Change Change Change all over


I can see nothing but a change in everything and everyone. Starting from myself, I can't even count the number of changes in me. My friends have changed a big time.. Don't know if its a positive change or negative but because of that also I have changed.. People are bound to change, I understand and I know I will only have to change myself and adapt according to that.. But I don't want to. Why can't things be static?? There is so much happening in the world but still it feels I'm stuck at the same.. I'm not growing.. My mind is not.. My mind is like my heart now.. They both have stopped contradicting, they agree on everything which is so strange.. I don't know why, but it is all happening.
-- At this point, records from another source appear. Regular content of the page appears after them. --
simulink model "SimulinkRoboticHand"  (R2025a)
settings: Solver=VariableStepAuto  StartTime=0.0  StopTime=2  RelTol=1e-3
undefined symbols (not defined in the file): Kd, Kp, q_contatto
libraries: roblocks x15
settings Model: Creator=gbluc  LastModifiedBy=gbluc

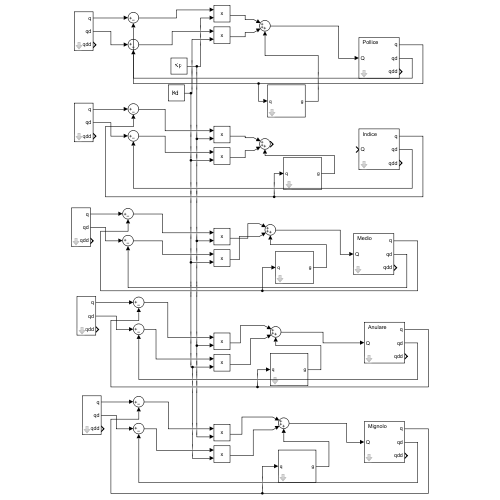
[thumbnail: Simulink's stored preview of the top-level diagram]
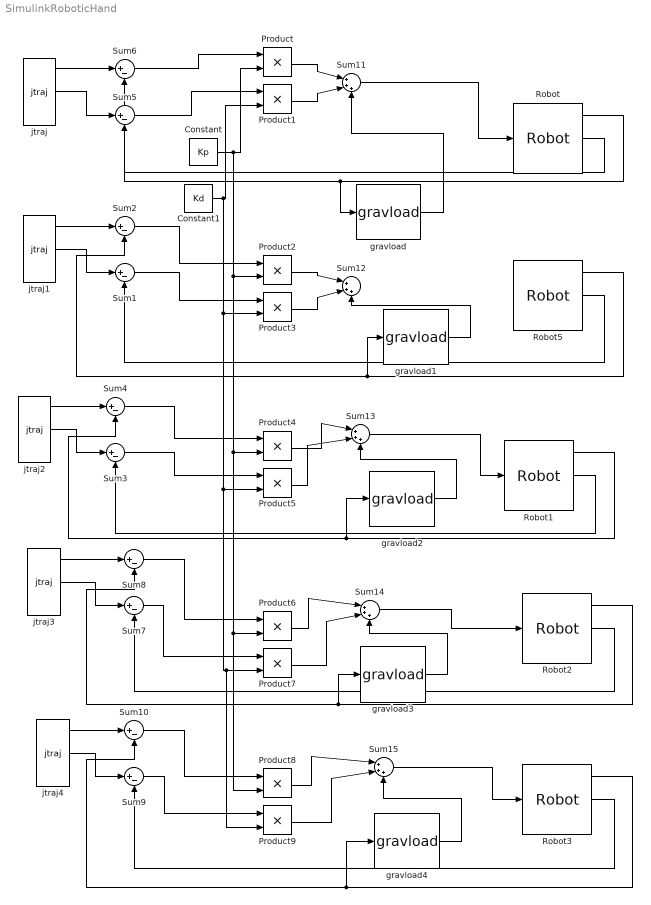
== system SimulinkRoboticHand ==
  Constant : Constant  Value=Kp
  Constant1 : Constant  Value=Kd
  Product{,1..9} (10 alike) : Product
  Robot : roblocks/Arm/Robot  robot=robot  q0=[0 0 0]
  Robot1 : roblocks/Arm/Robot  robot=medio  q0=[0 0 0]
  Robot2 : roblocks/Arm/Robot  robot=anulare  q0=[0 0 0]
  Robot3 : roblocks/Arm/Robot  robot=mignolo  q0=[0 0 0]
  Robot5 : roblocks/Arm/Robot  robot=indice  q0=[0 0 0]
  Sum{1..10} (10 alike) : Sum  Inputs=|+-
  Sum{11..15} (5 alike) : Sum  Inputs=|+++
  gravload : roblocks/Arm/gravload  robot=pollice
  gravload1 : roblocks/Arm/gravload  robot=indice
  gravload2 : roblocks/Arm/gravload  robot=medio
  gravload3 : roblocks/Arm/gravload  robot=anulare
  gravload4 : roblocks/Arm/gravload  robot=mignolo
  jtraj : roblocks/Toolbox/jtraj  q0=[0 0 0]  qf=q_contatto{5}  tmax=1.5  ts=0.001
  jtraj1 : roblocks/Toolbox/jtraj  q0=[0 0 0]  qf=q_contatto{1}  tmax=1.5  ts=0.001
  jtraj2 : roblocks/Toolbox/jtraj  q0=[0 0 0]  qf=q_contatto{2}  tmax=1.5  ts=0.001
  jtraj3 : roblocks/Toolbox/jtraj  q0=[0 0 0]  qf=q_contatto{3}  tmax=1.5  ts=0.001
  jtraj4 : roblocks/Toolbox/jtraj  q0=[0 0 0]  qf=q_contatto{4}  tmax=1.5  ts=0.001
  wires:
  jtraj/1 -> Sum6/1
  jtraj/2 -> Sum5/1
  Robot/1 -> gravload/1, Sum6/2
  Robot/2 -> Sum5/2
  jtraj1/2 -> Sum1/1
  Robot5/2 -> Sum1/2
  jtraj1/1 -> Sum2/1
  Robot5/1 -> gravload1/1, Sum2/2
  jtraj2/2 -> Sum3/1
  Robot1/2 -> Sum3/2
  jtraj2/1 -> Sum4/1
  Robot1/1 -> gravload2/1, Sum4/2
  jtraj3/2 -> Sum7/1
  Robot2/2 -> Sum7/2
  jtraj3/1 -> Sum8/1
  Robot2/1 -> gravload3/1, Sum8/2
  jtraj4/2 -> Sum9/1
  Robot3/2 -> Sum9/2
  jtraj4/1 -> Sum10/1
  Robot3/1 -> gravload4/1, Sum10/2
  Constant/1 -> Product8/2, Product6/2, Product4/2, Product2/2, Product/2
  Constant1/1 -> Product9/2, Product7/2, Product5/2, Product3/2, Product1/2
  Sum6/1 -> Product/1
  Sum5/1 -> Product1/1
  Sum2/1 -> Product2/1
  Sum1/1 -> Product3/1
  Sum4/1 -> Product4/1
  Sum3/1 -> Product5/1
  Sum8/1 -> Product6/1
  Sum7/1 -> Product7/1
  Sum10/1 -> Product8/1
  Sum9/1 -> Product9/1
  Product/1 -> Sum11/1
  Product1/1 -> Sum11/2
  gravload/1 -> Sum11/3
  Sum11/1 -> Robot/1
  Product2/1 -> Sum12/1
  Product3/1 -> Sum12/2
  gravload1/1 -> Sum12/3
  Product4/1 -> Sum13/1
  Product5/1 -> Sum13/2
  gravload2/1 -> Sum13/3
  Product9/1 -> Sum15/2
  Product8/1 -> Sum15/1
  gravload4/1 -> Sum15/3
  Sum15/1 -> Robot3/1
  gravload3/1 -> Sum14/3
  Product7/1 -> Sum14/2
  Product6/1 -> Sum14/1
  Sum13/1 -> Robot1/1
  Sum14/1 -> Robot2/1
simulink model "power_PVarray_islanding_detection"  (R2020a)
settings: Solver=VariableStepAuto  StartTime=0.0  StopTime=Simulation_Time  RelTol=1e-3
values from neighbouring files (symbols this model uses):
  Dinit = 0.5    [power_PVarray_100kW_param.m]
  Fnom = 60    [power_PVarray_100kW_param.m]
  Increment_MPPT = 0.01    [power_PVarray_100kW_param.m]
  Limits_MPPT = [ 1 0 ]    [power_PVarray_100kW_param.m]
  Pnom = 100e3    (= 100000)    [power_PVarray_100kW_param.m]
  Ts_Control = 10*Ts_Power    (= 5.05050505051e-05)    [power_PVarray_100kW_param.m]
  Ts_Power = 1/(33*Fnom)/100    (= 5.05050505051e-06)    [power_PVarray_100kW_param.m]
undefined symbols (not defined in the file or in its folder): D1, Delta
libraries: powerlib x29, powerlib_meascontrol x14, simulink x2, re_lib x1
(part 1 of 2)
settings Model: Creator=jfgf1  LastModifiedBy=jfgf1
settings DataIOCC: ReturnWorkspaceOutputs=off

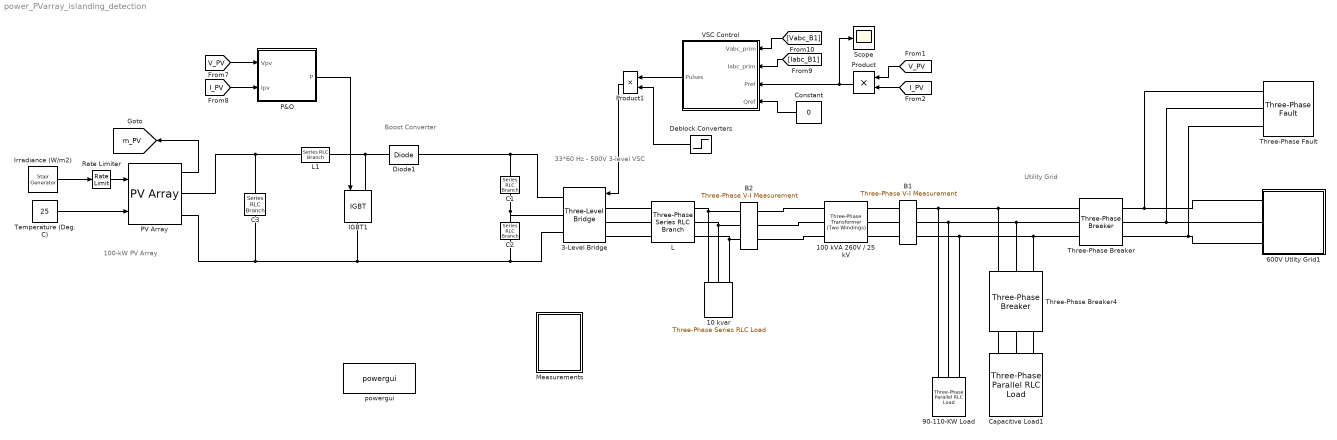
== system power_PVarray_islanding_detection ==
  note: Boost Converter
  note: 33*60 Hz - 500V
      | 3-level VSC
  note: 100-kW PV Array
  note: Utility Grid
  10 kvar : powerlib/Elements/Three-Phase Series RLC Load  LConnTagsString=A|B|C  Configuration=Y (grounded)  NominalVoltage=Vnom_dc  Vabc=[1e3 1e3 1e3]  Vabcp=[1e3 1e3 1e3]  NominalFrequency=Fnom  UnbalancedPower=off  ActivePower=10e3/100  InductivePower=0  CapacitivePower=10e3  Pabc=[10e3 9e3 11e3]  QLabc=[100 90 110]  QCabc=[100 90 110]  Pabcp=[10e3 9e3 11e3]  QLabcp=[100 90 110]  QCabcp=[100 90 110]  Measurements=None  LoadType=constant Z
  100 kVA 260V / 25 kV : powerlib/Elements/Three-Phase Transformer (Two Windings)  Winding1Connection=Yg  Winding2Connection=Delta (D1)  CoreType=Three single-phase transformers  SetSaturation=off  Hysteresis=off  DataFile='hysteresis'  SetInitialFlux=off  Measurements=None  UNITS=pu  NominalPower=[100e3 , 60 ]  Winding1=[ 25e3 , 0.001 , 0.03 ]  Winding2=[ 260 , 0.001 , 0.03 ]  Rm=500  Lm=500  L0=0.5  Saturation=[ 0,0 ; 0.0024,1.2 ; 1.0,1.52 ]  InitialFluxes=[ 0.8 , -0.8 , 0.7 ]  BreakLoop=off  DiscreteSolver=Trapezoidal iterative  DataType=off  TransfoNumber=0
  3-Level Bridge : powerlib/Power Electronics/Three-Level Bridge  Arms=3  SnubberResistance=1e6  SbubberCapacitance=inf  Device=IGBT / Diodes  Ron=0.2e-3  ForwardVoltages="[  0  0 ]"  Measurements=None
      settings: SourceProductBaseCode=PS
  600V Utlity Grid1 : Subsystem
      mask Display: image(imread('grid.jpg'))
  90-110-KW Load : powerlib/Elements/Three-Phase Parallel RLC Load  LConnTagsString=A|B|C  Configuration=Y (grounded)  NominalVoltage=Vnom_prim  Vabc=[1e3 1e3 1e3]  Vabcp=[1e3 1e3 1e3]  NominalFrequency=Fnom  UnbalancedPower=off  ActivePower=activeP  InductivePower=0  CapacitivePower=0  Pabc=[10e3 9e3 11e3]  QLabc=[100 90 110]  QCabc=[100 90 110]  Pabcp=[10e3 9e3 11e3]  QLabcp=[100 90 110]  QCabcp=[100 90 110]  Measurements=None  LoadType=constant Z
  B1 : powerlib/Measurements/Three-Phase V-I Measurement  VoltageMeasurement=phase-to-ground  SetLabelV=on  LabelV=Vabc_B1  Vpu=off  VpuLL=off  CurrentMeasurement=yes  SetLabelI=on  LabelI=Iabc_B1  Ipu=off  Pbase=100e6  Vbase=500e3  OutputType=Magnitude  PhasorSimulation=off  PSBequivalent=0
  B2 : powerlib/Measurements/Three-Phase V-I Measurement  VoltageMeasurement=phase-to-ground  SetLabelV=on  LabelV=Vabc  Vpu=off  VpuLL=off  CurrentMeasurement=no  SetLabelI=off  LabelI=Iabc  Ipu=off  Pbase=100e6  Vbase=500e3  OutputType=Magnitude  PhasorSimulation=off  PSBequivalent=0
  C1 : powerlib/Elements/Series RLC Branch  LConnTagsString=__new0  RConnTagsString=__new0  BranchType=C  Resistance=1.0  Inductance=1.0  SetiL0=off  InitialCurrent=0  Capacitance=12000e-06  Setx0=off  InitialVoltage=0  Measurements=None
  C2 : powerlib/Elements/Series RLC Branch  LConnTagsString=__new0  RConnTagsString=__new0  BranchType=C  Resistance=1.0  Inductance=1.0  SetiL0=off  InitialCurrent=0  Capacitance=12000e-06  Setx0=off  InitialVoltage=0  Measurements=None
  C3 : powerlib/Elements/Series RLC Branch  LConnTagsString=__new0  RConnTagsString=__new0  BranchType=C  Resistance=1.0  Inductance=1.0  SetiL0=off  InitialCurrent=0  Capacitance=100e-6  Setx0=off  InitialVoltage=0  Measurements=Branch voltage
  Capacitive Load1 : powerlib/Elements/Three-Phase Parallel RLC Load  LConnTagsString=A|B|C  Configuration=Y (grounded)  NominalVoltage=Vnom_prim  Vabc=[1e3 1e3 1e3]  Vabcp=[1e3 1e3 1e3]  NominalFrequency=Fnom  UnbalancedPower=off  ActivePower=0  InductivePower=0  CapacitivePower=800e3  Pabc=[10e3 9e3 11e3]  QLabc=[100 90 110]  QCabc=[100 90 110]  Pabcp=[10e3 9e3 11e3]  QLabcp=[100 90 110]  QCabcp=[100 90 110]  Measurements=None  LoadType=constant Z
  Constant : Constant  Value=0
  Deblock Converters : Step  Time=0.05  SampleTime=0
  Diode1 : powerlib/Power Electronics/Diode  Ron=1e-4  Lon=0  Vf=0  IC=0  UseSnubber=off  Rs=inf  Cs=inf  Measurements=off
  IGBT1 : powerlib/Power Electronics/IGBT  Ron=0.001  Lon=0  Vf=0  Tf=0  Tt=0  IC=0  Rs=1e5  Cs=inf  Measurements=off
  Irradiance (W/m2) : powerlib_meascontrol/Pulse & Signal Generators/Stair Generator  t=[0, 0.4, 1.0]  e=[1, 1, 1]*1000  Ts=Ts_Power
  L : powerlib/Elements/Three-Phase Series RLC Branch  LConnTagsString=A|B|C  RConnTagsString=A|B|C  BranchType=RL  Resistance=500e-6*377/50/2  Inductance=500e-6/2  Capacitance=inf  Measurements=None
  L1 : powerlib/Elements/Series RLC Branch  LConnTagsString=__new0  RConnTagsString=__new0  BranchType=RL  Resistance=0.005  Inductance=5e-3  SetiL0=off  InitialCurrent=0  Capacitance=1e-6  Setx0=off  InitialVoltage=0  Measurements=None
  Measurements : Subsystem
  P&O : Subsystem
  PV Array : re_lib/Solar/PV Array  Npar=66  Nser=5  PlotType=array @ 1000 W/m2 & specified temperatures  S_vec="[ 1000  250 ]"  Temp_C_vec="[0 25 50  ]"  ModuleName=SunPower SPR-305E-WHT-D  PlotWhenSelected=off  Pm=305.226  Ncell=96  Voc=64.2  Isc=5.96  Vm=54.7  Im=5.58  beta_Voc_pc=-0.27269  alpha_Isc_pc=0.061745  beta_Voc=-0.17507  alpha_Isc=0.00368  IL=6.0092  I0=6.3014e-12  nI=0.94504  Rsh=269.5934  Rs=0.37152  RobustModel=off  RobustCellTemperature=25  BAL=on  Tc=1e-6  Tfilter=5e-5
  Product : Product
  Product1 : Product  RndMeth=Zero
  Rate Limiter : RateLimiter  RisingSlewLimit=6000  FallingSlewLimit=-6000  SampleTimeMode=inherited  InitialCondition=1000
  Scope : Scope
  Temperature (Deg. C) : Constant  Value=25
  Three-Phase Breaker : powerlib/Elements/Three-Phase Breaker  InitialState=closed  SwitchA=on  SwitchB=on  SwitchC=on  SwitchTimes=switching_PCC  External=off  BreakerResistance=0.01  SnubberResistance=1e6  SnubberCapacitance=inf  Measurements=None
  Three-Phase Breaker4 : powerlib/Elements/Three-Phase Breaker  InitialState=closed  SwitchA=on  SwitchB=on  SwitchC=on  SwitchTimes=switching_C  External=off  BreakerResistance=0.01  SnubberResistance=800e3  SnubberCapacitance=inf  Measurements=None
  Three-Phase Fault : powerlib/Elements/Three-Phase Fault  InitialStates=0  FaultA=on  FaultB=off  FaultC=off  GroundFault=on  SwitchTimes=switching_fault  External=off  SwitchStatus=NaN  FaultResistance=0.001  GroundResistance=0.01  SnubberResistance=1e6  SnubberCapacitance=inf  Measurements=None
  VSC Control : Subsystem  mask(VSC Main Controller){nom=[ Pnom  Fnom ], Vnom=[ 25e3 260 ], Vnom_dc=500, RLxfo=[0.002  0.06 ], RLchoke=[2e-3  250e-6  ], K_VDCreg=[7  800], K_Ireg=[0.3 20], Ts=Ts_Control}
      mask prompts: nom "Nominal power and frequency [ Pnom(VA)  Fnom(Hz) ]:"; Vnom "Nominal primary and secondary voltages (Vrms LL) [ Vnom_prim   Vnom_sec ]:"; Vnom_dc "Nominal DC bus voltage (V):"; RLxfo "Total transformer leakage impedance (pu/Pnom) [ Rxfo  Lxf ]"; RLchoke "Choke impedance [ R(ohm) L(H) ]"; K_VDCreg "VDC regultator gains [ Kp  Ki ]:"; K_Ireg "Current regulator gains [ Kp  Ki ]:"; Ts "Sample time"
      mask init:
      | Pnom=nom(1);
      | Fnom=nom(2);
      | Vnom_prim=Vnom(1);
      | Vnom_sec=Vnom(2);
      | Zbase=Vnom_sec^2/Pnom;
      | Rtot_pu=RLxfo(1) + RLchoke(1)/Zbase;
      | Ltot_pu=RLxfo(2) + RLchoke(2)/(Zbase/(2*pi*Fnom));
      | Kp_VDCreg=K_VDCreg(1);
      | Ki_VDCreg=K_VDCreg(2);
      | Kp_Ireg=K_Ireg(1);
      | Ki_Ireg=K_Ireg(2);
      | Vdc_ref=Vnom_dc;
      | % Used to determine initial value of Boost Control (MPPT)
      | assignin('base','Vdc_ref_Inv',Vdc_ref);
  powergui : powerlib/powergui  Priority=1  SimulationMode=Discrete  SampleTime=1e-06  frequency=60  Iterations=50  frequencyindice=0  Pbase=100e6  ErrMax=1e-4  UnitsV=kV  UnitsW=MW  buscounter=0  FunctionMessages=off  echomessages=off  EnableUseOfTLC=off  CurrentSourceSwitches=off  DisableSnubberDevices=off  DisableRonSwitches=off  DisableVfSwitches=off  DisplayEquations=off  AutomaticDiscreteSolvers=off  SolverType=Tustin/Backward Euler (TBE)  Interpol=off  ExternalGateDelay=off  methode=off  Ts=0  x0status=blocks  SPID=off  SwTol=0  HookPort=off  NonlinearTolerance=1e-8  nMaxIteration=10  ContinueOnMaxIteration=off  RestoreLinks=warning  ResistiveCurrentMeasurement=off  Frange=[0:2:500]  Ylog=off  Xlog=on  ShowGrid=off  save=off  variable=ZData  structure=0  ZoomFFT=on  StartTime=0.0  cycles=1  DisplayStyle=1  fundamental=60  FreqAxis=off  MaxFrequency=1000  frequencyindicesteady=1  RmsSteady=1  display=off
  tag scope: m_PV=global
  wires:
  Temperature (Deg. C)/1 -> PV Array/2
  Irradiance (W/m2)/1 -> Rate Limiter/1
  PV Array/1 -> [m_PV]
  [V_PV] -> P&O/1(Vpv)
  [I_PV] -> P&O/2(Ipv)
  Constant/1 -> VSC Control/4(Qref)
  [I_PV] -> Product/2
  [V_PV] -> Product/1
  Product1/1 -> 3-Level Bridge/1
  Product/1 -> VSC Control/3(Pref), Scope/1
  [Iabc_B1] -> VSC Control/2(Iabc_prim)
  [Vabc_B1] -> VSC Control/1(Vabc_prim)
  VSC Control/1(Pulses) -> Product1/1
  Deblock Converters/1 -> Product1/2
  Rate Limiter/1 -> PV Array/1
  P&O/1(P) -> IGBT1/1
  connections:
  C3/LConn1 -- L1/LConn1 -- PV Array/RConn1
  3-Level Bridge/RConn3 -- IGBT1/RConn1 -- C3/RConn1 -- PV Array/RConn2 -- C2/RConn1
  3-Level Bridge/RConn1 -- C1/LConn1 -- Diode1/RConn1
  C2/LConn1 -- 3-Level Bridge/RConn2 -- C1/RConn1
  L1/RConn1 -- IGBT1/LConn1 -- Diode1/LConn1
  L/RConn2 -- B2/LConn2 -- 10 kvar/LConn2
  L/RConn1 -- 10 kvar/LConn1 -- B2/LConn1
  B2/LConn3 -- L/RConn3 -- 10 kvar/LConn3
  L/LConn1 -- 3-Level Bridge/LConn1
  L/LConn2 -- 3-Level Bridge/LConn2
  L/LConn3 -- 3-Level Bridge/LConn3
  100 kVA 260V / 25 kV/RConn3 -- B2/RConn3
  Three-Phase Breaker/LConn3 -- Three-Phase Breaker4/LConn3 -- 90-110-KW Load/LConn3 -- B1/RConn3
  Three-Phase Breaker/LConn1 -- Three-Phase Breaker4/LConn1 -- 90-110-KW Load/LConn1 -- B1/RConn1
  100 kVA 260V / 25 kV/RConn1 -- B2/RConn1
  Three-Phase Breaker/LConn2 -- Three-Phase Breaker4/LConn2 -- 90-110-KW Load/LConn2 -- B1/RConn2
  B1/LConn3 -- 100 kVA 260V / 25 kV/LConn3
  B1/LConn2 -- 100 kVA 260V / 25 kV/LConn2
  100 kVA 260V / 25 kV/RConn2 -- B2/RConn2
  B1/LConn1 -- 100 kVA 260V / 25 kV/LConn1
  Three-Phase Breaker/RConn1 -- Three-Phase Fault/LConn1 -- 600V Utlity Grid1/LConn1
  Three-Phase Breaker/RConn2 -- Three-Phase Fault/LConn2 -- 600V Utlity Grid1/LConn2
  Three-Phase Breaker/RConn3 -- Three-Phase Fault/LConn3 -- 600V Utlity Grid1/LConn3
  Capacitive Load1/LConn1 -- Three-Phase Breaker4/RConn1
  Three-Phase Breaker4/RConn2 -- Capacitive Load1/LConn2
  Three-Phase Breaker4/RConn3 -- Capacitive Load1/LConn3

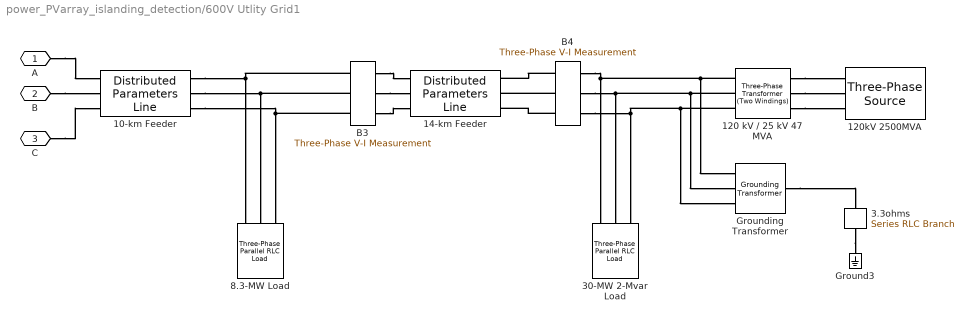
== system power_PVarray_islanding_detection/600V Utlity Grid1 ==
  10-km Feeder : powerlib/Elements/Distributed Parameters Line  Phases=3  Frequency=Fnom  Resistance=[0.1153 0.413]  Inductance=[1.05e-3 3.32e-3]  Capacitance=[11.33e-009 5.01e-009]  Length=10  x1=[-4.1e-05 1.31145391612596e-09 0 0;-4e-05 1.3127563025415e-09 0 0;-3.9e-05 1.31405850238509e-09 0 0;-3.8e-05 1.31536051547166e-09 0 0;-3.7e-05 1.31666234161617e-09 0 0;-3.6e-05 1.3179639806336e-09 0 0;-3.5e-05 1.31926543233895e-09 -5402.42576667042 -23138.0301536426;-3.4e-05 1.32056669654726e-09 -5393.70255110855 -23140.0651759113;-3.3e-05 1.3218677730736e-09 -5384.97856898125 -23142.0969094607;-3.2e-05 1.32316866173304e-09 -5376.2538215284 -23144.125354002;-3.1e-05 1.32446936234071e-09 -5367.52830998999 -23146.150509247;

I sometimes get feeling to go on top of a hill, shout on top of my voice, and still no one can hear me and I can cry.. Cry howsoever badly I want to.. cry for as long as I can. and just cry and cry. Crying helps me feel so relieved. A friend of mine says, your eyes get cleaned when you cry and I feel terrible when I'm crying and later so relieved and relaxed.. Crying not only cleans your eyes, they clean and refresh your mind and heart too.

I have so many things to write and share right now, but my hand is paining terribly now.. so will continue this post very soon.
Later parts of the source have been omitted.